Correlation analysis between PDLIM3 and infiltrating immune cells

The composition of immune cells in endometriosis tissues and normal control tissues were shown in Fig. 5A. The proportions of naive B cells (P < 0.001), plasma cells (P = 0.012), CD8+ T cells (P = 0.013), follicular helper T cells (P < 0.001), regulatory T cells (Tregs) (P = 0.004), resting NK cells (P = 0.037), and activated NK cells (P < 0.001) in endometriosis tissues were significantly lower than those in control tissues. However, the proportions of CD4+ memory resting T cells (P < 0.001), gamma delta T cells (P = 0.031), M1 Macrophages (P = 0.020), M2 Macrophages (P < 0.001), and neutrophils (P = 0.002) in endometriosis tissues were significantly higher than those in normal tissues (Fig. 5B).

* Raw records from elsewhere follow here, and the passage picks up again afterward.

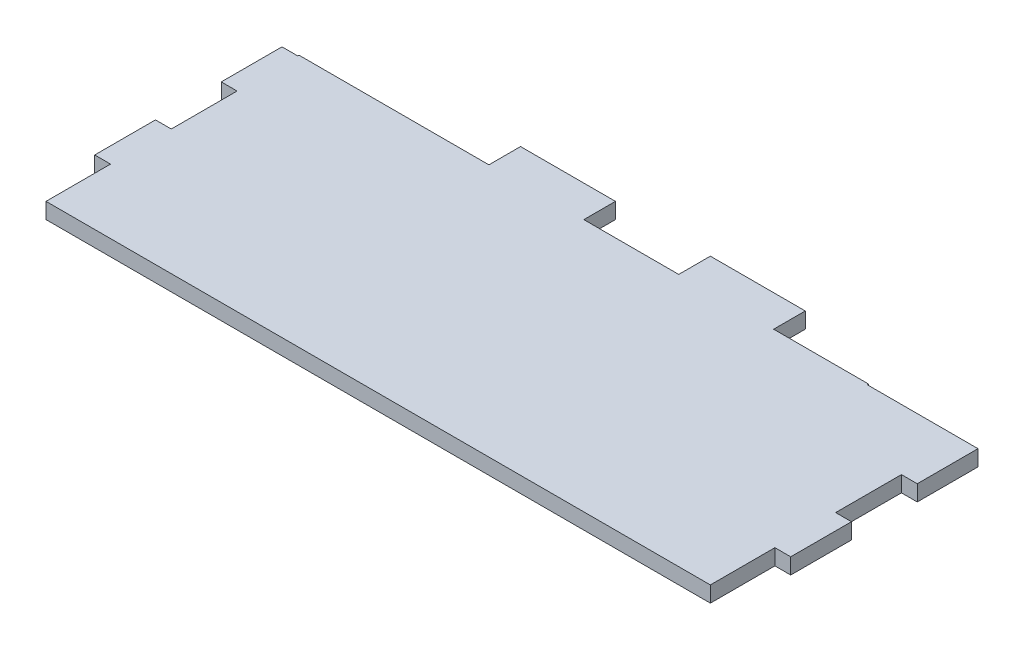
from build123d import *

# Parameters (mm, degrees)
SKETCH1_W           = 133.35
SKETCH1_H           = 101.6
BOSS_EXTRUDE1_DEPTH = 3.175
SKETCH2_W           = 3.175
SKETCH2_H           = 12.192
SKETCH2_W_2         = 19.05
SKETCH2_H_2         = 6.35
BOSS_EXTRUDE2_DEPTH = 3.175
SKETCH3_W           = 19.05
SKETCH3_H           = 6.35
SKETCH3_H_2         = 6.604
CUT_EXTRUDE1_DEPTH  = 91.306287849
SKETCH4_W           = 202.264069455
SKETCH4_H           = 60.449375303
CUT_EXTRUDE2_DEPTH  = 91.306287849


with BuildPart() as part:
    # Sketch1 → Boss-Extrude1 (new body)
    with BuildSketch(Plane(origin=(0, 0, 0), x_dir=(1, 0, 0), z_dir=(0, 1, 0))):
        Rectangle(SKETCH1_W, SKETCH1_H)
    extrude(amount=BOSS_EXTRUDE1_DEPTH)

    # Sketch2 → Boss-Extrude2 (add)
    with BuildSketch(Plane(origin=(0, 0, 0), x_dir=(-1, 0, 0), z_dir=(0, -1, 0))):
        with Locations((68.2625, -31.75)):
            Rectangle(SKETCH2_W, SKETCH2_H)
        with Locations((68.2625, -6.35)):
            Rectangle(SKETCH2_W, SKETCH2_H)
        with Locations((68.2625, 19.05)):
            Rectangle(SKETCH2_W, SKETCH2_H)
        with Locations((68.2625, 44.45)):
            Rectangle(SKETCH2_W, SKETCH2_H)
        with Locations((-68.2625, 44.45)):
            Rectangle(SKETCH2_W, SKETCH2_H)
        with Locations((-68.2625, 19.05)):
            Rectangle(SKETCH2_W, SKETCH2_H)
        with Locations((-68.2625, -6.35)):
            Rectangle(SKETCH2_W, SKETCH2_H)
        with Locations((-68.2625, -31.75)):
            Rectangle(SKETCH2_W, SKETCH2_H)
        with Locations((19.05, 53.975)):
            Rectangle(SKETCH2_W_2, SKETCH2_H_2)
        with Locations((57.15, 53.975)):
            Rectangle(SKETCH2_W_2, SKETCH2_H_2)
        with Locations((-19.05, 53.975)):
            Rectangle(SKETCH2_W_2, SKETCH2_H_2)
        with Locations((-57.15, 53.975)):
            Rectangle(SKETCH2_W_2, SKETCH2_H_2)
    extrude(amount=-BOSS_EXTRUDE2_DEPTH)

    # Sketch3 → Cut-Extrude1 (cut, through all)
    with BuildSketch(Plane(origin=(0, 0, 0), x_dir=(1, 0, 0), z_dir=(0, 1, 0))):
        with Locations((-57.15, 53.975)):
            Rectangle(SKETCH3_W, SKETCH3_H)
        with Locations((57.15, 53.848)):
            Rectangle(SKETCH3_W, SKETCH3_H_2)
    extrude(amount=CUT_EXTRUDE1_DEPTH, mode=Mode.SUBTRACT)

    # Sketch4 → Cut-Extrude2 (cut, through all)
    with BuildSketch(Plane(origin=(0, 0, 0), x_dir=(1, 0, 0), z_dir=(0, 1, 0))):
        with Locations((4.022296835, -30.224687652)):
            Rectangle(SKETCH4_W, SKETCH4_H)
    extrude(amount=CUT_EXTRUDE2_DEPTH, mode=Mode.SUBTRACT)


solid = part.part

However, in GSE120103, only the proportion of Tregs cell (P = 0.037) in endometriosis tissues were significantly lower than that in control tissues (Fig. S1).

The association of 22 types of immune cells was calculated and drawn in Fig. 5C. Then, we found PDLIM3 was positively correlated with M2 Macrophages (r = 0.70, P < 0.001), neutrophils (r = 0.45, P < 0.001), CD4+ memory resting T cells (r = 0.44, P < 0.001), gamma delta T cells (r = 0.34, P = 0.0088), resting mast cells (r = 0.31, P = 0.019) and M1 Macrophages (r = 0.28, P = 0.037). However, PDLIM3 was negatively correlated with follicular helper T cells (r = –0.66, P < 0.001), activated NK cells (r = –0.46, P < 0.001), CD8+ T cells (r = –0.41, P = 0.0015), Tregs cells (r = –0.39, P = 0.0028), naive B cells (r = –0.37, P = 0.0047), plasma cells (r = –0.31, P = 0.018) and resting NK cells (r = –0.29, P = 0.031) (Fig. 6). Besides, PDLIM3 was significantly negatively correlated with activated mast cells (r = –0.69, P = 0.038) in GSE120103 (Fig. S1).